**DATASET RECORDS**:
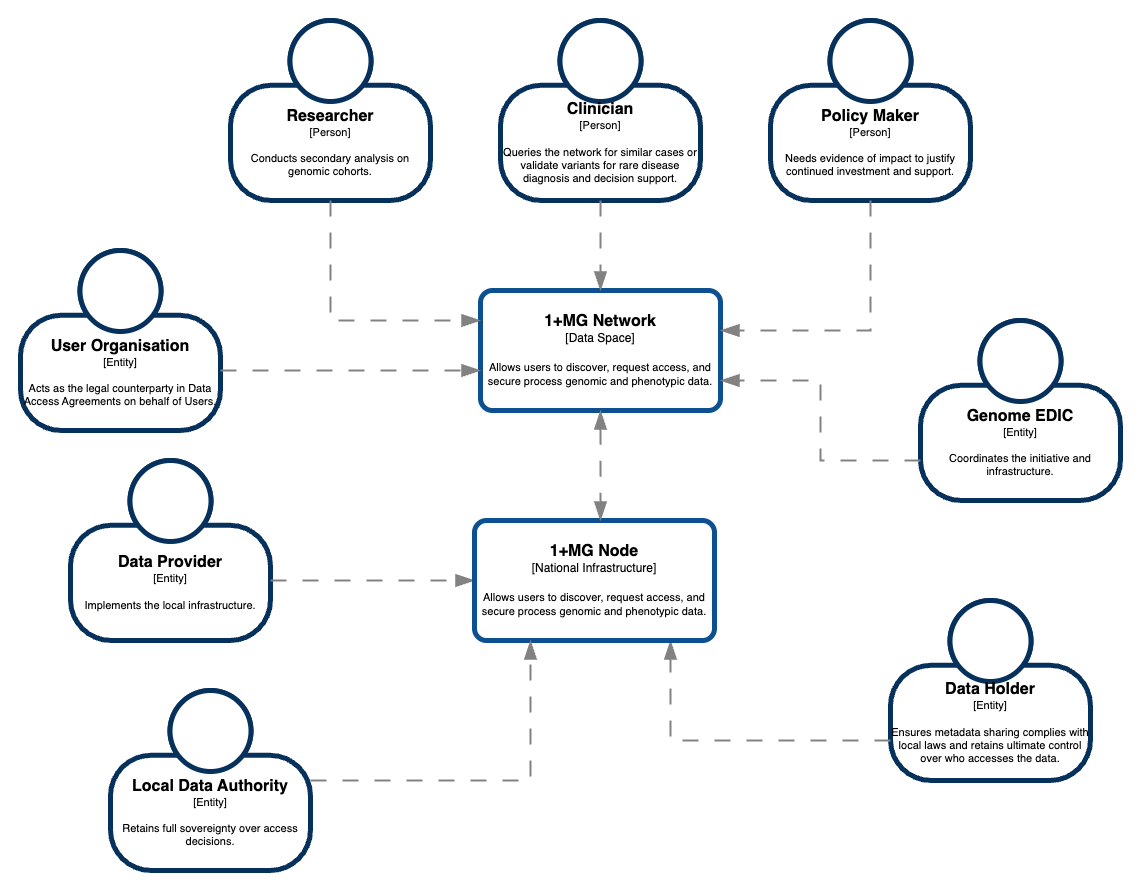

The diagram above was exported from draw.io. Its source (the exported page's mxGraphModel, read from the mxfile embedded in the PNG):
<mxGraphModel dx="2573" dy="2047" grid="1" gridSize="10" guides="1" tooltips="1" connect="1" arrows="1" fold="1" page="1" pageScale="1" pageWidth="827" pageHeight="1169" math="0" shadow="0">
  <root>
    <mxCell id="0" />
    <mxCell id="1" parent="0" />
    <mxCell id="25" value="" style="rounded=0;whiteSpace=wrap;html=1;strokeColor=none;" parent="1" vertex="1">
      <mxGeometry x="-180" y="-450" width="1140" height="890" as="geometry" />
    </mxCell>
    <object placeholders="1" c4Name="Researcher" c4Type="Person" c4Description="Conducts secondary analysis on genomic cohorts." label="&lt;font style=&quot;font-size: 16px&quot;&gt;&lt;b&gt;%c4Name%&lt;/b&gt;&lt;/font&gt;&lt;div&gt;[%c4Type%]&lt;/div&gt;&lt;br&gt;&lt;div&gt;&lt;font style=&quot;font-size: 11px&quot;&gt;&lt;font&gt;%c4Description%&lt;/font&gt;&lt;/font&gt;&lt;/div&gt;" id="2">
      <mxCell style="html=1;fontSize=11;dashed=0;whiteSpace=wrap;fillColor=default;strokeColor=#06315C;fontColor=default;shape=mxgraph.c4.person2;align=center;metaEdit=1;points=[[0.5,0,0],[1,0.5,0],[1,0.75,0],[0.75,1,0],[0.5,1,0],[0.25,1,0],[0,0.75,0],[0,0.5,0]];resizable=0;strokeWidth=5;" parent="1" vertex="1">
        <mxGeometry x="50" y="-430" width="200" height="180" as="geometry" />
      </mxCell>
    </object>
    <object placeholders="1" c4Name="Clinician" c4Type="Person" c4Description="Queries the network for similar cases or validate variants for rare disease diagnosis and decision support." label="&lt;font style=&quot;font-size: 16px&quot;&gt;&lt;b&gt;%c4Name%&lt;/b&gt;&lt;/font&gt;&lt;div&gt;[%c4Type%]&lt;/div&gt;&lt;br&gt;&lt;div&gt;&lt;font style=&quot;font-size: 11px&quot;&gt;&lt;font&gt;%c4Description%&lt;/font&gt;&lt;/font&gt;&lt;/div&gt;" id="3">
      <mxCell style="html=1;fontSize=11;dashed=0;whiteSpace=wrap;fillColor=default;strokeColor=#06315C;fontColor=default;shape=mxgraph.c4.person2;align=center;metaEdit=1;points=[[0.5,0,0],[1,0.5,0],[1,0.75,0],[0.75,1,0],[0.5,1,0],[0.25,1,0],[0,0.75,0],[0,0.5,0]];resizable=0;strokeWidth=5;" parent="1" vertex="1">
        <mxGeometry x="320" y="-430" width="200" height="180" as="geometry" />
      </mxCell>
    </object>
    <object placeholders="1" c4Name="Policy Maker" c4Type="Person" c4Description="Needs evidence of impact to justify continued investment and support." label="&lt;font style=&quot;font-size: 16px&quot;&gt;&lt;b&gt;%c4Name%&lt;/b&gt;&lt;/font&gt;&lt;div&gt;[%c4Type%]&lt;/div&gt;&lt;br&gt;&lt;div&gt;&lt;font style=&quot;font-size: 11px&quot;&gt;&lt;font&gt;%c4Description%&lt;/font&gt;&lt;/font&gt;&lt;/div&gt;" id="4">
      <mxCell style="html=1;fontSize=11;dashed=0;whiteSpace=wrap;fillColor=default;strokeColor=#06315C;fontColor=default;shape=mxgraph.c4.person2;align=center;metaEdit=1;points=[[0.5,0,0],[1,0.5,0],[1,0.75,0],[0.75,1,0],[0.5,1,0],[0.25,1,0],[0,0.75,0],[0,0.5,0]];resizable=0;strokeWidth=5;" parent="1" vertex="1">
        <mxGeometry x="590" y="-430" width="200" height="180" as="geometry" />
      </mxCell>
    </object>
    <object placeholders="1" c4Name="1+MG Network" c4Type="Data Space" c4Description="Allows users to discover, request access, and secure process genomic and phenotypic data." label="&lt;font style=&quot;font-size: 16px&quot;&gt;&lt;b&gt;%c4Name%&lt;/b&gt;&lt;/font&gt;&lt;div&gt;[%c4Type%]&lt;/div&gt;&lt;br&gt;&lt;div&gt;&lt;font style=&quot;font-size: 11px&quot;&gt;&lt;font&gt;%c4Description%&lt;/font&gt;&lt;/font&gt;&lt;/div&gt;" id="5">
      <mxCell style="rounded=1;whiteSpace=wrap;html=1;labelBackgroundColor=none;fillColor=default;fontColor=default;align=center;arcSize=10;strokeColor=#0D5091;metaEdit=1;resizable=0;points=[[0.25,0,0],[0.5,0,0],[0.75,0,0],[1,0.25,0],[1,0.5,0],[1,0.75,0],[0.75,1,0],[0.5,1,0],[0.25,1,0],[0,0.75,0],[0,0.5,0],[0,0.25,0]];strokeWidth=5;" parent="1" vertex="1">
        <mxGeometry x="300" y="-160" width="240" height="120" as="geometry" />
      </mxCell>
    </object>
    <object placeholders="1" c4Name="Data Provider" c4Type="Entity" c4Description="Implements the local infrastructure." label="&lt;font style=&quot;font-size: 16px&quot;&gt;&lt;b&gt;%c4Name%&lt;/b&gt;&lt;/font&gt;&lt;div&gt;[%c4Type%]&lt;/div&gt;&lt;br&gt;&lt;div&gt;&lt;font style=&quot;font-size: 11px&quot;&gt;&lt;font&gt;%c4Description%&lt;/font&gt;&lt;/font&gt;&lt;/div&gt;" id="7">
      <mxCell style="html=1;fontSize=11;dashed=0;whiteSpace=wrap;fillColor=default;strokeColor=#06315C;fontColor=default;shape=mxgraph.c4.person2;align=center;metaEdit=1;points=[[0.5,0,0],[1,0.5,0],[1,0.75,0],[0.75,1,0],[0.5,1,0],[0.25,1,0],[0,0.75,0],[0,0.5,0]];resizable=0;strokeWidth=5;" parent="1" vertex="1">
        <mxGeometry x="-110" y="10" width="200" height="180" as="geometry" />
      </mxCell>
    </object>
    <object placeholders="1" c4Name="Genome EDIC" c4Type="Entity" c4Description="Coordinates the initiative and infrastructure." label="&lt;font style=&quot;font-size: 16px&quot;&gt;&lt;b&gt;%c4Name%&lt;/b&gt;&lt;/font&gt;&lt;div&gt;[%c4Type%]&lt;/div&gt;&lt;br&gt;&lt;div&gt;&lt;font style=&quot;font-size: 11px&quot;&gt;&lt;font&gt;%c4Description%&lt;/font&gt;&lt;/font&gt;&lt;/div&gt;" id="8">
      <mxCell style="html=1;fontSize=11;dashed=0;whiteSpace=wrap;fillColor=default;strokeColor=#06315C;fontColor=default;shape=mxgraph.c4.person2;align=center;metaEdit=1;points=[[0.5,0,0],[1,0.5,0],[1,0.75,0],[0.75,1,0],[0.5,1,0],[0.25,1,0],[0,0.75,0],[0,0.5,0]];resizable=0;strokeWidth=5;" parent="1" vertex="1">
        <mxGeometry x="740" y="-130" width="200" height="180" as="geometry" />
      </mxCell>
    </object>
    <object placeholders="1" c4Name="Data Holder" c4Type="Entity" c4Description="Ensures metadata sharing complies with local laws and retains ultimate control over who accesses the data." label="&lt;font style=&quot;font-size: 16px&quot;&gt;&lt;b&gt;%c4Name%&lt;/b&gt;&lt;/font&gt;&lt;div&gt;[%c4Type%]&lt;/div&gt;&lt;br&gt;&lt;div&gt;&lt;font style=&quot;font-size: 11px&quot;&gt;&lt;font&gt;%c4Description%&lt;/font&gt;&lt;/font&gt;&lt;/div&gt;" id="9">
      <mxCell style="html=1;fontSize=11;dashed=0;whiteSpace=wrap;fillColor=default;strokeColor=#06315C;fontColor=default;shape=mxgraph.c4.person2;align=center;metaEdit=1;points=[[0.5,0,0],[1,0.5,0],[1,0.75,0],[0.75,1,0],[0.5,1,0],[0.25,1,0],[0,0.75,0],[0,0.5,0]];resizable=0;strokeWidth=5;" parent="1" vertex="1">
        <mxGeometry x="710" y="150" width="200" height="180" as="geometry" />
      </mxCell>
    </object>
    <object placeholders="1" c4Type="Relationship" c4Description="" label="&lt;div style=&quot;text-align: left&quot;&gt;&lt;div style=&quot;text-align: center&quot;&gt;&lt;b&gt;%c4Description%&lt;/b&gt;&lt;/div&gt;&lt;/div&gt;" id="17">
      <mxCell style="endArrow=blockThin;html=1;fontSize=17;fontColor=#404040;strokeWidth=2;endFill=1;strokeColor=#828282;elbow=vertical;metaEdit=1;endSize=14;startSize=14;jumpStyle=arc;jumpSize=16;rounded=0;edgeStyle=orthogonalEdgeStyle;dashed=1;dashPattern=8 8;" parent="1" source="2" target="5" edge="1">
        <mxGeometry width="240" relative="1" as="geometry">
          <mxPoint x="270" y="-90" as="sourcePoint" />
          <mxPoint x="510" y="-90" as="targetPoint" />
          <Array as="points">
            <mxPoint x="150" y="-130" />
          </Array>
        </mxGeometry>
      </mxCell>
    </object>
    <object placeholders="1" c4Type="Relationship" c4Description="" label="&lt;div style=&quot;text-align: left&quot;&gt;&lt;div style=&quot;text-align: center&quot;&gt;&lt;b&gt;%c4Description%&lt;/b&gt;&lt;/div&gt;&lt;/div&gt;" id="18">
      <mxCell style="endArrow=blockThin;html=1;fontSize=17;fontColor=#404040;strokeWidth=2;endFill=1;strokeColor=#828282;elbow=vertical;metaEdit=1;endSize=14;startSize=14;jumpStyle=arc;jumpSize=16;rounded=0;edgeStyle=orthogonalEdgeStyle;dashed=1;dashPattern=8 8;" parent="1" source="3" target="5" edge="1">
        <mxGeometry width="240" relative="1" as="geometry">
          <mxPoint x="160" y="-240" as="sourcePoint" />
          <mxPoint x="310" y="-90" as="targetPoint" />
          <Array as="points">
            <mxPoint x="420" y="-200" />
            <mxPoint x="420" y="-200" />
          </Array>
          <mxPoint as="offset" />
        </mxGeometry>
      </mxCell>
    </object>
    <object placeholders="1" c4Type="Relationship" c4Description="" label="&lt;div style=&quot;text-align: left&quot;&gt;&lt;div style=&quot;text-align: center&quot;&gt;&lt;b&gt;%c4Description%&lt;/b&gt;&lt;/div&gt;&lt;/div&gt;" id="19">
      <mxCell style="endArrow=blockThin;html=1;fontSize=17;fontColor=#404040;strokeWidth=2;endFill=1;strokeColor=#828282;elbow=vertical;metaEdit=1;endSize=14;startSize=14;jumpStyle=arc;jumpSize=16;rounded=0;edgeStyle=orthogonalEdgeStyle;dashed=1;dashPattern=8 8;" parent="1" source="4" target="5" edge="1">
        <mxGeometry width="240" relative="1" as="geometry">
          <mxPoint x="430" y="-240" as="sourcePoint" />
          <mxPoint x="430" y="-150" as="targetPoint" />
          <Array as="points">
            <mxPoint x="690" y="-120" />
          </Array>
        </mxGeometry>
      </mxCell>
    </object>
    <object placeholders="1" c4Type="Relationship" c4Description="" label="&lt;div style=&quot;text-align: left&quot;&gt;&lt;div style=&quot;text-align: center&quot;&gt;&lt;b&gt;%c4Description%&lt;/b&gt;&lt;/div&gt;&lt;/div&gt;" id="20">
      <mxCell style="endArrow=blockThin;html=1;fontSize=17;fontColor=#404040;strokeWidth=2;endFill=1;strokeColor=#828282;elbow=vertical;metaEdit=1;endSize=14;startSize=14;jumpStyle=arc;jumpSize=16;rounded=0;edgeStyle=orthogonalEdgeStyle;dashed=1;dashPattern=8 8;" parent="1" source="8" target="5" edge="1">
        <mxGeometry width="240" relative="1" as="geometry">
          <mxPoint x="700" y="-240" as="sourcePoint" />
          <mxPoint x="550" y="-110" as="targetPoint" />
          <Array as="points">
            <mxPoint x="640" y="10" />
            <mxPoint x="640" y="-70" />
          </Array>
        </mxGeometry>
      </mxCell>
    </object>
    <object placeholders="1" c4Type="Relationship" c4Description="" label="&lt;div style=&quot;text-align: left&quot;&gt;&lt;div style=&quot;text-align: center&quot;&gt;&lt;b&gt;%c4Description%&lt;/b&gt;&lt;/div&gt;&lt;/div&gt;" id="21">
      <mxCell style="endArrow=blockThin;html=1;fontSize=17;fontColor=#404040;strokeWidth=2;endFill=1;strokeColor=#828282;elbow=vertical;metaEdit=1;endSize=14;startSize=14;jumpStyle=arc;jumpSize=16;rounded=0;edgeStyle=orthogonalEdgeStyle;dashed=1;dashPattern=8 8;" parent="1" source="9" target="26" edge="1">
        <mxGeometry width="240" relative="1" as="geometry">
          <mxPoint x="750" y="20" as="sourcePoint" />
          <mxPoint x="550" y="-60" as="targetPoint" />
          <Array as="points">
            <mxPoint x="490" y="290" />
          </Array>
        </mxGeometry>
      </mxCell>
    </object>
    <object placeholders="1" c4Type="Relationship" c4Description="" label="&lt;div style=&quot;text-align: left&quot;&gt;&lt;div style=&quot;text-align: center&quot;&gt;&lt;b&gt;%c4Description%&lt;/b&gt;&lt;/div&gt;&lt;/div&gt;" id="22">
      <mxCell style="endArrow=blockThin;html=1;fontSize=17;fontColor=#404040;strokeWidth=2;endFill=1;strokeColor=#828282;elbow=vertical;metaEdit=1;endSize=14;startSize=14;jumpStyle=arc;jumpSize=16;rounded=0;edgeStyle=orthogonalEdgeStyle;dashed=1;dashPattern=8 8;" parent="1" source="7" target="26" edge="1">
        <mxGeometry width="240" relative="1" as="geometry">
          <mxPoint x="160" y="-240" as="sourcePoint" />
          <mxPoint x="310" y="-90" as="targetPoint" />
          <Array as="points">
            <mxPoint x="190" y="130" />
            <mxPoint x="190" y="130" />
          </Array>
        </mxGeometry>
      </mxCell>
    </object>
    <object placeholders="1" c4Name="User Organisation" c4Type="Entity" c4Description="Acts as the legal counterparty in Data Access Agreements on behalf of Users." label="&lt;font style=&quot;font-size: 16px&quot;&gt;&lt;b&gt;%c4Name%&lt;/b&gt;&lt;/font&gt;&lt;div&gt;[%c4Type%]&lt;/div&gt;&lt;br&gt;&lt;div&gt;&lt;font style=&quot;font-size: 11px&quot;&gt;&lt;font&gt;%c4Description%&lt;/font&gt;&lt;/font&gt;&lt;/div&gt;" id="23">
      <mxCell style="html=1;fontSize=11;dashed=0;whiteSpace=wrap;fillColor=default;strokeColor=#06315C;fontColor=default;shape=mxgraph.c4.person2;align=center;metaEdit=1;points=[[0.5,0,0],[1,0.5,0],[1,0.75,0],[0.75,1,0],[0.5,1,0],[0.25,1,0],[0,0.75,0],[0,0.5,0]];resizable=0;strokeWidth=5;" parent="1" vertex="1">
        <mxGeometry x="-160" y="-200" width="200" height="180" as="geometry" />
      </mxCell>
    </object>
    <object placeholders="1" c4Type="Relationship" c4Description="" label="&lt;div style=&quot;text-align: left&quot;&gt;&lt;div style=&quot;text-align: center&quot;&gt;&lt;b&gt;%c4Description%&lt;/b&gt;&lt;/div&gt;&lt;/div&gt;" id="24">
      <mxCell style="endArrow=blockThin;html=1;fontSize=17;fontColor=#404040;strokeWidth=2;endFill=1;strokeColor=#828282;elbow=vertical;metaEdit=1;endSize=14;startSize=14;jumpStyle=arc;jumpSize=16;rounded=0;edgeStyle=orthogonalEdgeStyle;dashed=1;dashPattern=8 8;" parent="1" source="23" target="5" edge="1">
        <mxGeometry width="240" relative="1" as="geometry">
          <mxPoint x="160" y="-240" as="sourcePoint" />
          <mxPoint x="310" y="-90" as="targetPoint" />
          <Array as="points">
            <mxPoint x="170" y="-80" />
            <mxPoint x="170" y="-80" />
          </Array>
        </mxGeometry>
      </mxCell>
    </object>
    <object placeholders="1" c4Name="1+MG Node" c4Type="National Infrastructure" c4Description="Allows users to discover, request access, and secure process genomic and phenotypic data." label="&lt;font style=&quot;font-size: 16px&quot;&gt;&lt;b&gt;%c4Name%&lt;/b&gt;&lt;/font&gt;&lt;div&gt;[%c4Type%]&lt;/div&gt;&lt;br&gt;&lt;div&gt;&lt;font style=&quot;font-size: 11px&quot;&gt;&lt;font&gt;%c4Description%&lt;/font&gt;&lt;/font&gt;&lt;/div&gt;" id="26">
      <mxCell style="rounded=1;whiteSpace=wrap;html=1;labelBackgroundColor=none;fillColor=default;fontColor=default;align=center;arcSize=10;strokeColor=#0D5091;metaEdit=1;resizable=0;points=[[0.25,0,0],[0.5,0,0],[0.75,0,0],[1,0.25,0],[1,0.5,0],[1,0.75,0],[0.75,1,0],[0.5,1,0],[0.25,1,0],[0,0.75,0],[0,0.5,0],[0,0.25,0]];strokeWidth=5;" parent="1" vertex="1">
        <mxGeometry x="294" y="70" width="240" height="120" as="geometry" />
      </mxCell>
    </object>
    <object placeholders="1" c4Name="Local Data Authority" c4Type="Entity" c4Description="Retains full sovereignty over access decisions." label="&lt;font style=&quot;font-size: 16px&quot;&gt;&lt;b&gt;%c4Name%&lt;/b&gt;&lt;/font&gt;&lt;div&gt;[%c4Type%]&lt;/div&gt;&lt;br&gt;&lt;div&gt;&lt;font style=&quot;font-size: 11px&quot;&gt;&lt;font&gt;%c4Description%&lt;/font&gt;&lt;/font&gt;&lt;/div&gt;" id="27">
      <mxCell style="html=1;fontSize=11;dashed=0;whiteSpace=wrap;fillColor=default;strokeColor=#06315C;fontColor=default;shape=mxgraph.c4.person2;align=center;metaEdit=1;points=[[0.5,0,0],[1,0.5,0],[1,0.75,0],[0.75,1,0],[0.5,1,0],[0.25,1,0],[0,0.75,0],[0,0.5,0]];resizable=0;strokeWidth=5;" parent="1" vertex="1">
        <mxGeometry x="-70" y="240" width="200" height="180" as="geometry" />
      </mxCell>
    </object>
    <object placeholders="1" c4Type="Relationship" c4Description="" label="&lt;div style=&quot;text-align: left&quot;&gt;&lt;div style=&quot;text-align: center&quot;&gt;&lt;b&gt;%c4Description%&lt;/b&gt;&lt;/div&gt;&lt;/div&gt;" id="28">
      <mxCell style="endArrow=blockThin;html=1;fontSize=17;fontColor=#404040;strokeWidth=2;endFill=1;strokeColor=#828282;elbow=vertical;metaEdit=1;endSize=14;startSize=14;jumpStyle=arc;jumpSize=16;rounded=0;edgeStyle=orthogonalEdgeStyle;dashed=1;dashPattern=8 8;" parent="1" source="27" target="26" edge="1">
        <mxGeometry width="240" relative="1" as="geometry">
          <mxPoint x="100" y="140" as="sourcePoint" />
          <mxPoint x="304" y="140" as="targetPoint" />
          <Array as="points">
            <mxPoint x="350" y="330" />
          </Array>
        </mxGeometry>
      </mxCell>
    </object>
    <object placeholders="1" c4Type="Relationship" c4Description="" label="&lt;div style=&quot;text-align: left&quot;&gt;&lt;div style=&quot;text-align: center&quot;&gt;&lt;b&gt;%c4Description%&lt;/b&gt;&lt;/div&gt;&lt;/div&gt;" id="29">
      <mxCell style="endArrow=blockThin;html=1;fontSize=17;fontColor=#404040;strokeWidth=2;endFill=1;strokeColor=#828282;elbow=vertical;metaEdit=1;endSize=14;startSize=14;jumpStyle=arc;jumpSize=16;rounded=0;edgeStyle=orthogonalEdgeStyle;dashed=1;dashPattern=8 8;startArrow=blockThin;startFill=1;" parent="1" source="5" target="26" edge="1">
        <mxGeometry width="240" relative="1" as="geometry">
          <mxPoint x="50" y="-70" as="sourcePoint" />
          <mxPoint x="310" y="-70" as="targetPoint" />
          <Array as="points">
            <mxPoint x="420" y="30" />
            <mxPoint x="420" y="30" />
          </Array>
        </mxGeometry>
      </mxCell>
    </object>
  </root>
</mxGraphModel>

**BRIEF**: Copy out every line of the entries where the string "secure" shows up.

**SOLUTION**:
    <object placeholders="1" c4Name="1+MG Network" c4Type="Data Space" c4Description="Allows users to discover, request access, and secure process genomic and phenotypic data." label="&lt;font style=&quot;font-size: 16px&quot;&gt;&lt;b&gt;%c4Name%&lt;/b&gt;&lt;/font&gt;&lt;div&gt;[%c4Type%]&lt;/div&gt;&lt;br&gt;&lt;div&gt;&lt;font style=&quot;font-size: 11px&quot;&gt;&lt;font&gt;%c4Description%&lt;/font&gt;&lt;/font&gt;&lt;/div&gt;" id="5">
    <object placeholders="1" c4Name="1+MG Node" c4Type="National Infrastructure" c4Description="Allows users to discover, request access, and secure process genomic and phenotypic data." label="&lt;font style=&quot;font-size: 16px&quot;&gt;&lt;b&gt;%c4Name%&lt;/b&gt;&lt;/font&gt;&lt;div&gt;[%c4Type%]&lt;/div&gt;&lt;br&gt;&lt;div&gt;&lt;font style=&quot;font-size: 11px&quot;&gt;&lt;font&gt;%c4Description%&lt;/font&gt;&lt;/font&gt;&lt;/div&gt;" id="26">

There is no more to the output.